▶ _TASK PROMPT_
Leaving out the images, reproduce every line of the data that follows exactly.
++++
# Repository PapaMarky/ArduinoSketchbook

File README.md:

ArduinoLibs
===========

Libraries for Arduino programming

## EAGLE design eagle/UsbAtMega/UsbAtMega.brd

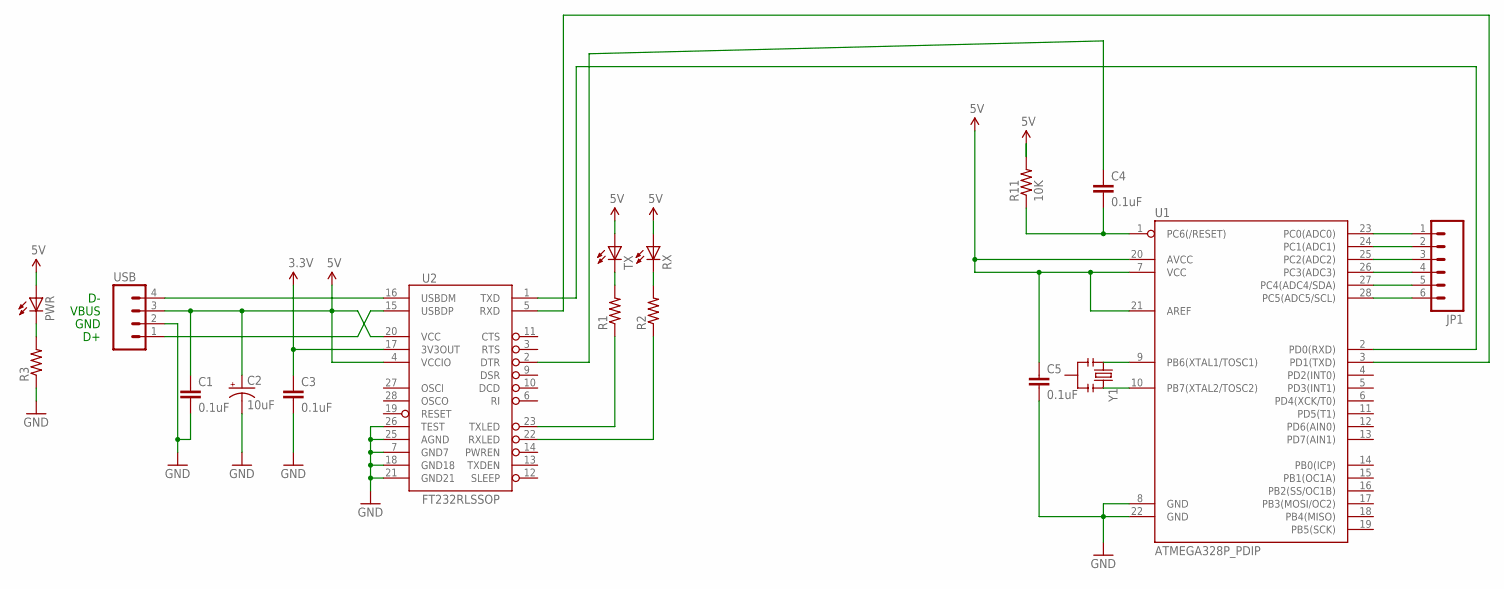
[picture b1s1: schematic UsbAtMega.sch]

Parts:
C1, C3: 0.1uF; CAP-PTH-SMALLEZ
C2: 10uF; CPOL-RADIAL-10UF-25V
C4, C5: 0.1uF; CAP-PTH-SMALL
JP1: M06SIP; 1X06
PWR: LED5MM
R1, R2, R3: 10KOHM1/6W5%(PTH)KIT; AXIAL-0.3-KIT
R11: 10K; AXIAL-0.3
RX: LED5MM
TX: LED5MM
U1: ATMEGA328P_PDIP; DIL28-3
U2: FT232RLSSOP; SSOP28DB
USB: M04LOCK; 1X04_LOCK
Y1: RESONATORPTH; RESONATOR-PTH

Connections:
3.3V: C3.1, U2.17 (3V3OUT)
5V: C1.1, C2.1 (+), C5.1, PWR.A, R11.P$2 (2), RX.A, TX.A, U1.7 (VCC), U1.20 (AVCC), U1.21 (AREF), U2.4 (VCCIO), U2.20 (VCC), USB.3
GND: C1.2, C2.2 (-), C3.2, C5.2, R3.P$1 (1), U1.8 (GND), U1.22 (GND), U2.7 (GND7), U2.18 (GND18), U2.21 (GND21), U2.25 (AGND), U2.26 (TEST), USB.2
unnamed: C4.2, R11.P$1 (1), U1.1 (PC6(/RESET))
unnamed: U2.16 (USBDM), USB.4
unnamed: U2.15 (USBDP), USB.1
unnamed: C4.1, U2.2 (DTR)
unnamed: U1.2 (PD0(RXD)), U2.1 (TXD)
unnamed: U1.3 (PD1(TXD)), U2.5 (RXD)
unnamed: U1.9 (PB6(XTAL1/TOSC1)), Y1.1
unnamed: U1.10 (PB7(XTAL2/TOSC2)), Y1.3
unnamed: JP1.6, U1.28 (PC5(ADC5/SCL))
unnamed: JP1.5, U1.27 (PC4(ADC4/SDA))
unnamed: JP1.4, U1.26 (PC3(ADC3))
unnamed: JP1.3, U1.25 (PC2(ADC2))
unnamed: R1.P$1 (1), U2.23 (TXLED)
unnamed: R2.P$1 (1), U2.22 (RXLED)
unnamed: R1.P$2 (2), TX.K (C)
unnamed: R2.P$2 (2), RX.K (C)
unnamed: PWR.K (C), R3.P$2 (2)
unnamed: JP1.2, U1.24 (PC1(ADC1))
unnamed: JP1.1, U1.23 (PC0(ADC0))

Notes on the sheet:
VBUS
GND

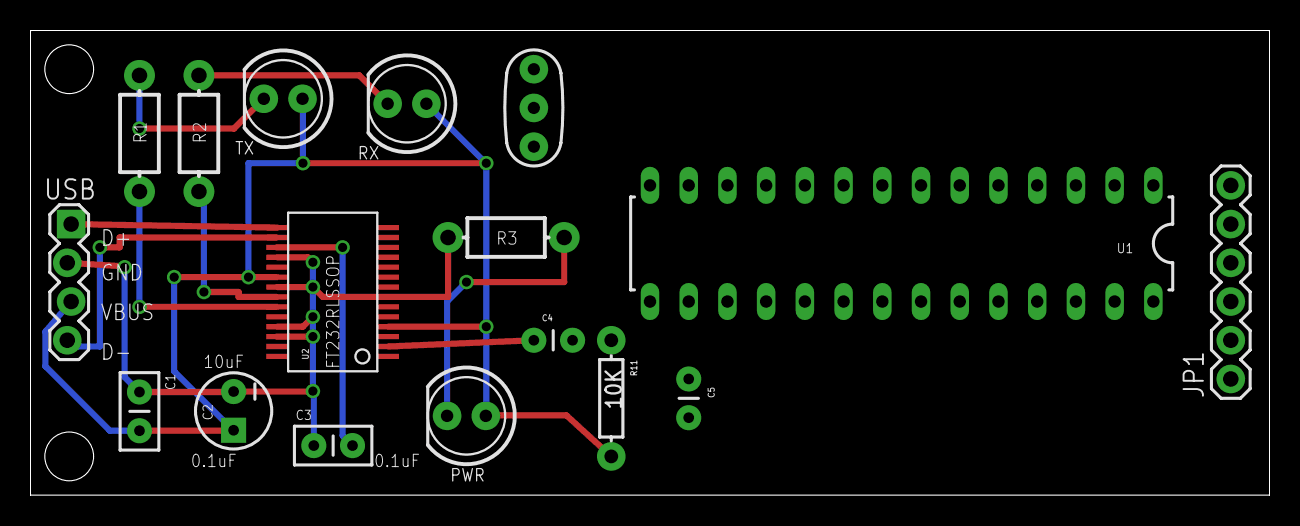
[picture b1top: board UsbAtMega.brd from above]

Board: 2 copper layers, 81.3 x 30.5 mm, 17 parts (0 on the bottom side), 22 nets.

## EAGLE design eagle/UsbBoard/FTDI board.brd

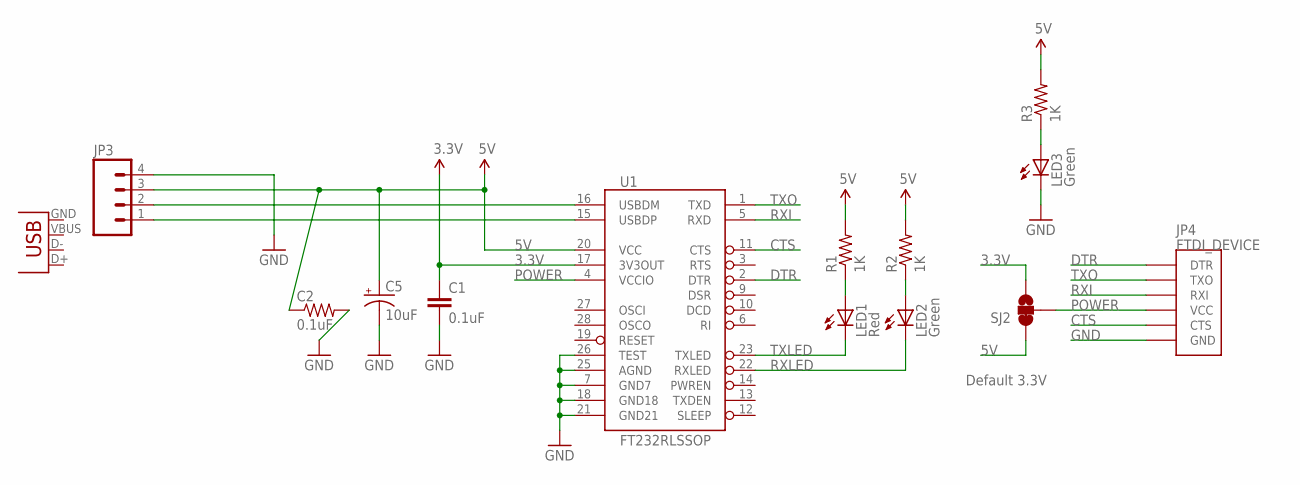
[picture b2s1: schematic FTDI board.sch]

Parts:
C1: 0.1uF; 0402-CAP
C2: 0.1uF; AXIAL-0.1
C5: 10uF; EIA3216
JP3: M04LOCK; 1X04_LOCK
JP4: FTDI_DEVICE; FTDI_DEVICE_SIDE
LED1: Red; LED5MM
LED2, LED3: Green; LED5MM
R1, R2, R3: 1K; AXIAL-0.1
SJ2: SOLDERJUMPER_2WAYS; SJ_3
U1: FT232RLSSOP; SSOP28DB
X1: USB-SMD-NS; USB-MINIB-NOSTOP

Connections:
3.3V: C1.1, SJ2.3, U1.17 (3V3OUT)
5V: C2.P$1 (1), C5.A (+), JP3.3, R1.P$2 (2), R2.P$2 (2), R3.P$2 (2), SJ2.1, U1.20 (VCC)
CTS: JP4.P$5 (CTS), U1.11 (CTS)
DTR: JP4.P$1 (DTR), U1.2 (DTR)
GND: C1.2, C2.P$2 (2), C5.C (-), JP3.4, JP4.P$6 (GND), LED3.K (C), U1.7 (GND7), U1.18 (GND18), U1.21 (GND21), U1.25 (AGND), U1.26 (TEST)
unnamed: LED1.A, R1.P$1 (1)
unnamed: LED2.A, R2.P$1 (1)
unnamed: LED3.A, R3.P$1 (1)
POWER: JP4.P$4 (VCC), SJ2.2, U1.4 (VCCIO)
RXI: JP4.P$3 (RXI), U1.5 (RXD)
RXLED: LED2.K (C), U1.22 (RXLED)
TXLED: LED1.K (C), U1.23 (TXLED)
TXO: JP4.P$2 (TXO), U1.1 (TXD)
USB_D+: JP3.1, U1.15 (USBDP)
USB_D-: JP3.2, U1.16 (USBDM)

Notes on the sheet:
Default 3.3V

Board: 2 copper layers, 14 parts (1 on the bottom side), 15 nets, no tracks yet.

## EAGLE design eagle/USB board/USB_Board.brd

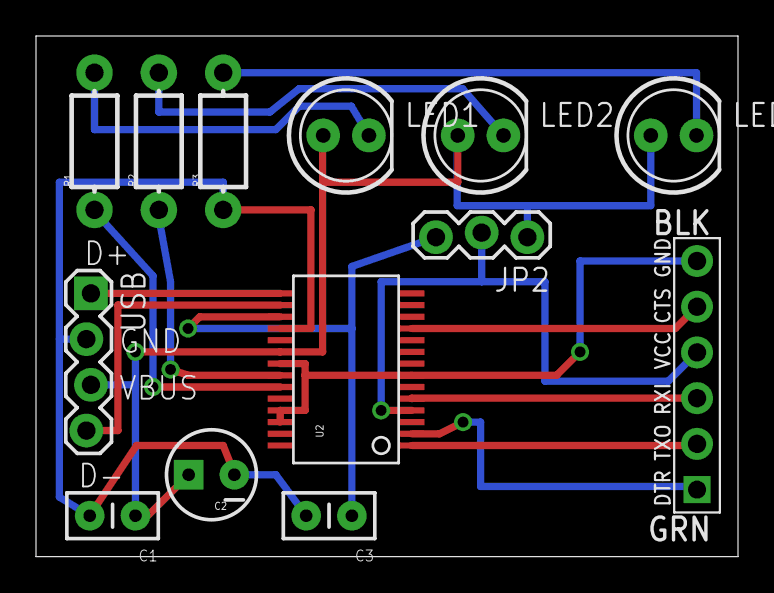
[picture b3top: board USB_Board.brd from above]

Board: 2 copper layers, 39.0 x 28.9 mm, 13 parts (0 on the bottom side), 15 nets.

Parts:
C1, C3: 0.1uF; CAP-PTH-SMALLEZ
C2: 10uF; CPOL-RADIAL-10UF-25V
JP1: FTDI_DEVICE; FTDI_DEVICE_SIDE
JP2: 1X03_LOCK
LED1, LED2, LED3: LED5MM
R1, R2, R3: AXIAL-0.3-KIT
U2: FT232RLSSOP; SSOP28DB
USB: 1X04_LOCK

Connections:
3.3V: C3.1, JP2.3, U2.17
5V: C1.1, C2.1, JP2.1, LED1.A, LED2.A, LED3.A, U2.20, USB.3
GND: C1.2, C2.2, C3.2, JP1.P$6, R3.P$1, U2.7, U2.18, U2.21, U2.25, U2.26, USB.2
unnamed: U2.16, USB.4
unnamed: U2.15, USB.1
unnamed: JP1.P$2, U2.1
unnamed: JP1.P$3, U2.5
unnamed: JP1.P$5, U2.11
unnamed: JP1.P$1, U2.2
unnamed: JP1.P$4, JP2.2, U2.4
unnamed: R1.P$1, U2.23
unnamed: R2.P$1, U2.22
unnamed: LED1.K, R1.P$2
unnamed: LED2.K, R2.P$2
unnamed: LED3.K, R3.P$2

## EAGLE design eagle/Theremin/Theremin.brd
++++
▶ _YOUR RESPONSE_
# Repository PapaMarky/ArduinoSketchbook

File README.md:

ArduinoLibs
===========

Libraries for Arduino programming

## EAGLE design eagle/UsbAtMega/UsbAtMega.brd

[picture b1s1: schematic UsbAtMega.sch]

Parts:
C1, C3: 0.1uF; CAP-PTH-SMALLEZ
C2: 10uF; CPOL-RADIAL-10UF-25V
C4, C5: 0.1uF; CAP-PTH-SMALL
JP1: M06SIP; 1X06
PWR: LED5MM
R1, R2, R3: 10KOHM1/6W5%(PTH)KIT; AXIAL-0.3-KIT
R11: 10K; AXIAL-0.3
RX: LED5MM
TX: LED5MM
U1: ATMEGA328P_PDIP; DIL28-3
U2: FT232RLSSOP; SSOP28DB
USB: M04LOCK; 1X04_LOCK
Y1: RESONATORPTH; RESONATOR-PTH

Connections:
3.3V: C3.1, U2.17 (3V3OUT)
5V: C1.1, C2.1 (+), C5.1, PWR.A, R11.P$2 (2), RX.A, TX.A, U1.7 (VCC), U1.20 (AVCC), U1.21 (AREF), U2.4 (VCCIO), U2.20 (VCC), USB.3
GND: C1.2, C2.2 (-), C3.2, C5.2, R3.P$1 (1), U1.8 (GND), U1.22 (GND), U2.7 (GND7), U2.18 (GND18), U2.21 (GND21), U2.25 (AGND), U2.26 (TEST), USB.2
unnamed: C4.2, R11.P$1 (1), U1.1 (PC6(/RESET))
unnamed: U2.16 (USBDM), USB.4
unnamed: U2.15 (USBDP), USB.1
unnamed: C4.1, U2.2 (DTR)
unnamed: U1.2 (PD0(RXD)), U2.1 (TXD)
unnamed: U1.3 (PD1(TXD)), U2.5 (RXD)
unnamed: U1.9 (PB6(XTAL1/TOSC1)), Y1.1
unnamed: U1.10 (PB7(XTAL2/TOSC2)), Y1.3
unnamed: JP1.6, U1.28 (PC5(ADC5/SCL))
unnamed: JP1.5, U1.27 (PC4(ADC4/SDA))
unnamed: JP1.4, U1.26 (PC3(ADC3))
unnamed: JP1.3, U1.25 (PC2(ADC2))
unnamed: R1.P$1 (1), U2.23 (TXLED)
unnamed: R2.P$1 (1), U2.22 (RXLED)
unnamed: R1.P$2 (2), TX.K (C)
unnamed: R2.P$2 (2), RX.K (C)
unnamed: PWR.K (C), R3.P$2 (2)
unnamed: JP1.2, U1.24 (PC1(ADC1))
unnamed: JP1.1, U1.23 (PC0(ADC0))

Notes on the sheet:
VBUS
GND

[picture b1top: board UsbAtMega.brd from above]

Board: 2 copper layers, 81.3 x 30.5 mm, 17 parts (0 on the bottom side), 22 nets.

## EAGLE design eagle/UsbBoard/FTDI board.brd

[picture b2s1: schematic FTDI board.sch]

Parts:
C1: 0.1uF; 0402-CAP
C2: 0.1uF; AXIAL-0.1
C5: 10uF; EIA3216
JP3: M04LOCK; 1X04_LOCK
JP4: FTDI_DEVICE; FTDI_DEVICE_SIDE
LED1: Red; LED5MM
LED2, LED3: Green; LED5MM
R1, R2, R3: 1K; AXIAL-0.1
SJ2: SOLDERJUMPER_2WAYS; SJ_3
U1: FT232RLSSOP; SSOP28DB
X1: USB-SMD-NS; USB-MINIB-NOSTOP

Connections:
3.3V: C1.1, SJ2.3, U1.17 (3V3OUT)
5V: C2.P$1 (1), C5.A (+), JP3.3, R1.P$2 (2), R2.P$2 (2), R3.P$2 (2), SJ2.1, U1.20 (VCC)
CTS: JP4.P$5 (CTS), U1.11 (CTS)
DTR: JP4.P$1 (DTR), U1.2 (DTR)
GND: C1.2, C2.P$2 (2), C5.C (-), JP3.4, JP4.P$6 (GND), LED3.K (C), U1.7 (GND7), U1.18 (GND18), U1.21 (GND21), U1.25 (AGND), U1.26 (TEST)
unnamed: LED1.A, R1.P$1 (1)
unnamed: LED2.A, R2.P$1 (1)
unnamed: LED3.A, R3.P$1 (1)
POWER: JP4.P$4 (VCC), SJ2.2, U1.4 (VCCIO)
RXI: JP4.P$3 (RXI), U1.5 (RXD)
RXLED: LED2.K (C), U1.22 (RXLED)
TXLED: LED1.K (C), U1.23 (TXLED)
TXO: JP4.P$2 (TXO), U1.1 (TXD)
USB_D+: JP3.1, U1.15 (USBDP)
USB_D-: JP3.2, U1.16 (USBDM)

Notes on the sheet:
Default 3.3V

Board: 2 copper layers, 14 parts (1 on the bottom side), 15 nets, no tracks yet.

## EAGLE design eagle/USB board/USB_Board.brd

[picture b3top: board USB_Board.brd from above]

Board: 2 copper layers, 39.0 x 28.9 mm, 13 parts (0 on the bottom side), 15 nets.

Parts:
C1, C3: 0.1uF; CAP-PTH-SMALLEZ
C2: 10uF; CPOL-RADIAL-10UF-25V
JP1: FTDI_DEVICE; FTDI_DEVICE_SIDE
JP2: 1X03_LOCK
LED1, LED2, LED3: LED5MM
R1, R2, R3: AXIAL-0.3-KIT
U2: FT232RLSSOP; SSOP28DB
USB: 1X04_LOCK

Connections:
3.3V: C3.1, JP2.3, U2.17
5V: C1.1, C2.1, JP2.1, LED1.A, LED2.A, LED3.A, U2.20, USB.3
GND: C1.2, C2.2, C3.2, JP1.P$6, R3.P$1, U2.7, U2.18, U2.21, U2.25, U2.26, USB.2
unnamed: U2.16, USB.4
unnamed: U2.15, USB.1
unnamed: JP1.P$2, U2.1
unnamed: JP1.P$3, U2.5
unnamed: JP1.P$5, U2.11
unnamed: JP1.P$1, U2.2
unnamed: JP1.P$4, JP2.2, U2.4
unnamed: R1.P$1, U2.23
unnamed: R2.P$1, U2.22
unnamed: LED1.K, R1.P$2
unnamed: LED2.K, R2.P$2
unnamed: LED3.K, R3.P$2

## EAGLE design eagle/Theremin/Theremin.brd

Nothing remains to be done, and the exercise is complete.